Armageddon isn’t a specific location. It is the war for Yahweh’s assembly. It is Har Mo’ed, Yahweh’s enthronement mountain. At the end of time, Antichrist, the Gog-warrior, comes from Zaphon, “the heights of the North,” “to attack Zion, the true mountain of divine assembly” (49).

Along these lines, Kline gives a fascinating discussion of ziggurats and altars. A ziggurat represented a mountain. It was “the cosmic mountain, the axis or access between heaven and earth” (61).

Cool point: the Hebrew for the riders who are going to destroy evil is “Harashim.” Kline calls them dragon-slayers (63).

Building the Temple-City

Yahweh’s temple-city is a metapolis. It is the Beyond-City of eternity. It doesn’t need walls because God’s fiery presence fills the eternal city to its unwalled limits (76). Building this temple is a covenantal, royal task (149ff). Kline outlines some covenantal language and structures:

Matt. 28:18-20. Covenantal pronouncement; has elements of presence, authority, and continuation.

Judicial Sanctions

Consistent with the covenantal language is Kline’s connection of baptism and judgment waters, particularly as they destroy the Egyptian army (109).

Imagers

Our image is one of ethical purity, dominion, and eschatological luminosity (114). The latter is our receiving an investiture from Yahweh as he re-creates us in his Glory-Spirit. Moreover as imagers, we bear God’s Name (Rev. 22:4).

The Spirit and the Church

We are the Menorah (Rev. 1:20). We are the ectype of God’s archetypal temple.
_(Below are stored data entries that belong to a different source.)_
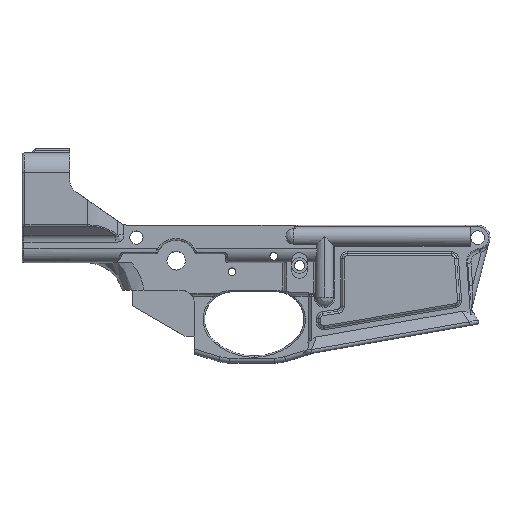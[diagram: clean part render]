
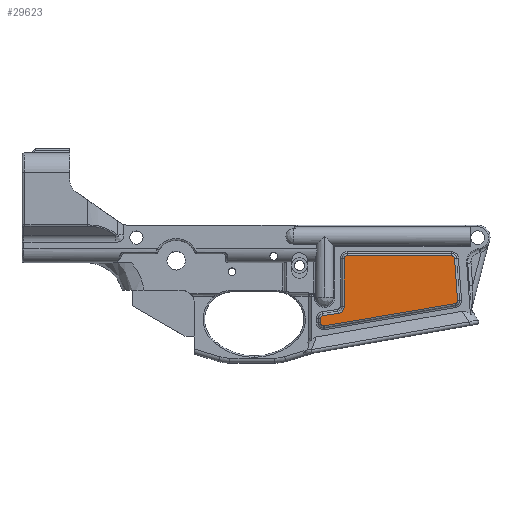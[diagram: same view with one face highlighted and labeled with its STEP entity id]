
A CAD part, top view. The second image highlights one B-rep face of the part: STEP entity #29623.
In plain terms, the highlighted planar face has unit normal (0, 0, 1).
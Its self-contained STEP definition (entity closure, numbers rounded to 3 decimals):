
#1423 = EDGE_CURVE ( 'NONE', #13987, #33959, #15838, .T. ) ;
#1798 = VERTEX_POINT ( 'NONE', #11160 ) ;
#1935 = CARTESIAN_POINT ( 'NONE',  ( 125.626, -42.111, 14.866 ) ) ;
#2079 = EDGE_CURVE ( 'NONE', #41800, #33906, #25573, .T. ) ;
#2340 = EDGE_CURVE ( 'NONE', #19944, #28735, #20647, .T. ) ;
#2350 = DIRECTION ( 'NONE',  ( -1., 0., 0. ) ) ;
#2567 = FACE_OUTER_BOUND ( 'NONE', #32490, .T. ) ;
#2954 = DIRECTION ( 'NONE',  ( 0., -1., 0. ) ) ;
#3045 = DIRECTION ( 'NONE',  ( 0., -1., 0. ) ) ;
#5232 = VECTOR ( 'NONE', #24728, 1000. ) ;
#5422 = DIRECTION ( 'NONE',  ( 0., -1., 0. ) ) ;
#6111 = AXIS2_PLACEMENT_3D ( 'NONE', #1935, #26341, #5422 ) ;
#6360 = EDGE_CURVE ( 'NONE', #28735, #23918, #26058, .T. ) ;
#6689 = CIRCLE ( 'NONE', #26779, 1.524 ) ;
#7025 = VERTEX_POINT ( 'NONE', #24478 ) ;
#7204 = CIRCLE ( 'NONE', #27188, 1.524 ) ;
#7854 = CARTESIAN_POINT ( 'NONE',  ( 125.881, -43.613, 14.866 ) ) ;
#7938 = CARTESIAN_POINT ( 'NONE',  ( 56.966, -53.496, 14.866 ) ) ;
#8383 = EDGE_CURVE ( 'NONE', #23918, #15422, #7204, .T. ) ;
#9216 = CARTESIAN_POINT ( 'NONE',  ( 58.49, -53.496, 14.866 ) ) ;
#10523 = CARTESIAN_POINT ( 'NONE',  ( 124.043, -20.597, 14.866 ) ) ;
#11160 = CARTESIAN_POINT ( 'NONE',  ( 70.583, -19.073, 14.866 ) ) ;
#11342 = CIRCLE ( 'NONE', #23635, 3.556 ) ;
#11778 = DIRECTION ( 'NONE',  ( 0., 0., 1. ) ) ;
#11895 = CARTESIAN_POINT ( 'NONE',  ( 125.562, -20.485, 14.866 ) ) ;
#12654 = VERTEX_POINT ( 'NONE', #21921 ) ;
#12691 = DIRECTION ( 'NONE',  ( 0., -1., 0. ) ) ;
#12809 = CARTESIAN_POINT ( 'NONE',  ( 70.583, -20.597, 14.866 ) ) ;
#13048 = CIRCLE ( 'NONE', #6111, 1.524 ) ;
#13405 = EDGE_CURVE ( 'NONE', #33906, #25845, #42188, .T. ) ;
#13987 = VERTEX_POINT ( 'NONE', #42751 ) ;
#14023 = DIRECTION ( 'NONE',  ( 0., -1., 0. ) ) ;
#14183 = CARTESIAN_POINT ( 'NONE',  ( 124.043, -19.073, 14.866 ) ) ;
#14804 = ORIENTED_EDGE ( 'NONE', *, *, #43253, .T. ) ;
#14928 = EDGE_CURVE ( 'NONE', #33959, #12654, #11342, .T. ) ;
#15422 = VERTEX_POINT ( 'NONE', #42737 ) ;
#15838 = LINE ( 'NONE', #36743, #42536 ) ;
#15888 = DIRECTION ( 'NONE',  ( 0., -1., 0. ) ) ;
#16289 = AXIS2_PLACEMENT_3D ( 'NONE', #32643, #11778, #36123 ) ;
#16321 = DIRECTION ( 'NONE',  ( 0., -1., 0. ) ) ;
#16824 = EDGE_CURVE ( 'NONE', #1798, #13987, #6689, .T. ) ;
#17115 = ORIENTED_EDGE ( 'NONE', *, *, #16824, .T. ) ;
#17389 = CARTESIAN_POINT ( 'NONE',  ( 56.966, -53.496, 14.866 ) ) ;
#17676 = DIRECTION ( 'NONE',  ( 0., 0., 1. ) ) ;
#17787 = ORIENTED_EDGE ( 'NONE', *, *, #14928, .T. ) ;
#18139 = ORIENTED_EDGE ( 'NONE', *, *, #1423, .T. ) ;
#18384 = EDGE_CURVE ( 'NONE', #22675, #19944, #42055, .T. ) ;
#18417 = AXIS2_PLACEMENT_3D ( 'NONE', #44706, #23874, #2954 ) ;
#18645 = CARTESIAN_POINT ( 'NONE',  ( 69.059, -45.099, 14.866 ) ) ;
#19222 = DIRECTION ( 'NONE',  ( -0.073, 0.997, 0. ) ) ;
#19584 = EDGE_CURVE ( 'NONE', #7025, #41800, #13048, .T. ) ;
#19944 = VERTEX_POINT ( 'NONE', #24497 ) ;
#20647 = LINE ( 'NONE', #17389, #39154 ) ;
#21921 = CARTESIAN_POINT ( 'NONE',  ( 66.013, -48.618, 14.866 ) ) ;
#22017 = ORIENTED_EDGE ( 'NONE', *, *, #2340, .T. ) ;
#22675 = VERTEX_POINT ( 'NONE', #41677 ) ;
#22698 = AXIS2_PLACEMENT_3D ( 'NONE', #10523, #34898, #14023 ) ;
#23635 = AXIS2_PLACEMENT_3D ( 'NONE', #44786, #23967, #3045 ) ;
#23874 = DIRECTION ( 'NONE',  ( 0., 0., 1. ) ) ;
#23918 = VERTEX_POINT ( 'NONE', #25468 ) ;
#23967 = DIRECTION ( 'NONE',  ( 0., 0., -1. ) ) ;
#24478 = CARTESIAN_POINT ( 'NONE',  ( 125.881, -43.613, 14.866 ) ) ;
#24497 = CARTESIAN_POINT ( 'NONE',  ( 56.966, -51.249, 14.866 ) ) ;
#24559 = EDGE_CURVE ( 'NONE', #15422, #7025, #29061, .T. ) ;
#24587 = ORIENTED_EDGE ( 'NONE', *, *, #19584, .T. ) ;
#24728 = DIRECTION ( 'NONE',  ( -0.99, -0.144, 0. ) ) ;
#25468 = CARTESIAN_POINT ( 'NONE',  ( 58.49, -55.02, 14.866 ) ) ;
#25573 = LINE ( 'NONE', #29579, #34818 ) ;
#25845 = VERTEX_POINT ( 'NONE', #14183 ) ;
#26058 = CIRCLE ( 'NONE', #16289, 1.524 ) ;
#26341 = DIRECTION ( 'NONE',  ( 0., 0., 1. ) ) ;
#26529 = ORIENTED_EDGE ( 'NONE', *, *, #24559, .T. ) ;
#26779 = AXIS2_PLACEMENT_3D ( 'NONE', #12809, #37175, #16321 ) ;
#27188 = AXIS2_PLACEMENT_3D ( 'NONE', #38519, #17676, #42621 ) ;
#27491 = ORIENTED_EDGE ( 'NONE', *, *, #2079, .T. ) ;
#28735 = VERTEX_POINT ( 'NONE', #7938 ) ;
#29061 = LINE ( 'NONE', #7854, #37192 ) ;
#29579 = CARTESIAN_POINT ( 'NONE',  ( 125.562, -20.485, 14.866 ) ) ;
#29623 = ADVANCED_FACE ( 'NONE', ( #2567 ), #36927, .T. ) ;
#29643 = VECTOR ( 'NONE', #2350, 1000. ) ;
#31731 = AXIS2_PLACEMENT_3D ( 'NONE', #9216, #33592, #12691 ) ;
#32490 = EDGE_LOOP ( 'NONE', ( #35137, #22017, #43274, #36342, #26529, #24587, #27491, #36973, #34125, #17115, #18139, #17787, #14804 ) ) ;
#32643 = CARTESIAN_POINT ( 'NONE',  ( 58.49, -53.496, 14.866 ) ) ;
#33068 = LINE ( 'NONE', #38579, #5232 ) ;
#33592 = DIRECTION ( 'NONE',  ( 0., 0., 1. ) ) ;
#33906 = VERTEX_POINT ( 'NONE', #11895 ) ;
#33959 = VERTEX_POINT ( 'NONE', #18645 ) ;
#34125 = ORIENTED_EDGE ( 'NONE', *, *, #38338, .T. ) ;
#34818 = VECTOR ( 'NONE', #19222, 1000. ) ;
#34898 = DIRECTION ( 'NONE',  ( 0., 0., 1. ) ) ;
#35137 = ORIENTED_EDGE ( 'NONE', *, *, #18384, .T. ) ;
#36123 = DIRECTION ( 'NONE',  ( 0., -1., 0. ) ) ;
#36342 = ORIENTED_EDGE ( 'NONE', *, *, #8383, .T. ) ;
#36743 = CARTESIAN_POINT ( 'NONE',  ( 69.059, -45.099, 14.866 ) ) ;
#36927 = PLANE ( 'NONE',  #31731 ) ;
#36973 = ORIENTED_EDGE ( 'NONE', *, *, #13405, .T. ) ;
#37175 = DIRECTION ( 'NONE',  ( 0., 0., 1. ) ) ;
#37192 = VECTOR ( 'NONE', #42582, 1000. ) ;
#38338 = EDGE_CURVE ( 'NONE', #25845, #1798, #39960, .T. ) ;
#38519 = CARTESIAN_POINT ( 'NONE',  ( 58.49, -53.496, 14.866 ) ) ;
#38579 = CARTESIAN_POINT ( 'NONE',  ( 58.271, -49.741, 14.866 ) ) ;
#39154 = VECTOR ( 'NONE', #41727, 1000. ) ;
#39960 = LINE ( 'NONE', #44108, #29643 ) ;
#41677 = CARTESIAN_POINT ( 'NONE',  ( 58.271, -49.741, 14.866 ) ) ;
#41727 = DIRECTION ( 'NONE',  ( 0., -1., 0. ) ) ;
#41800 = VERTEX_POINT ( 'NONE', #43771 ) ;
#42055 = CIRCLE ( 'NONE', #18417, 1.524 ) ;
#42188 = CIRCLE ( 'NONE', #22698, 1.524 ) ;
#42536 = VECTOR ( 'NONE', #15888, 1000. ) ;
#42582 = DIRECTION ( 'NONE',  ( 0.986, 0.167, 0. ) ) ;
#42621 = DIRECTION ( 'NONE',  ( 0., -1., 0. ) ) ;
#42737 = CARTESIAN_POINT ( 'NONE',  ( 58.744, -54.998, 14.866 ) ) ;
#42751 = CARTESIAN_POINT ( 'NONE',  ( 69.059, -20.597, 14.866 ) ) ;
#43253 = EDGE_CURVE ( 'NONE', #12654, #22675, #33068, .T. ) ;
#43274 = ORIENTED_EDGE ( 'NONE', *, *, #6360, .T. ) ;
#43771 = CARTESIAN_POINT ( 'NONE',  ( 127.146, -41.999, 14.866 ) ) ;
#44108 = CARTESIAN_POINT ( 'NONE',  ( 70.583, -19.073, 14.866 ) ) ;
#44706 = CARTESIAN_POINT ( 'NONE',  ( 58.49, -51.249, 14.866 ) ) ;
#44786 = CARTESIAN_POINT ( 'NONE',  ( 65.503, -45.099, 14.866 ) ) ;

Key quote: “The field of history is a courtroom in which God’s people give testimony to his name over against the blasphemies of the idol-worshipers” (138).

Conclusion

This can’t function as one’s primary commentary on Zechariah. It isn’t an exegetical commentary. It is valuable, however, in giving the big picture, structure, and biblical theological overview of Zechariah.

Reactions: Like 2


----------



## yeutter (Mar 31, 2021)

I recently bought _*The Night Visions Of Zechariah*_ by Rev. G. H. Kersten. Maybe I should read Kline first, before I tackle Kersten.


----------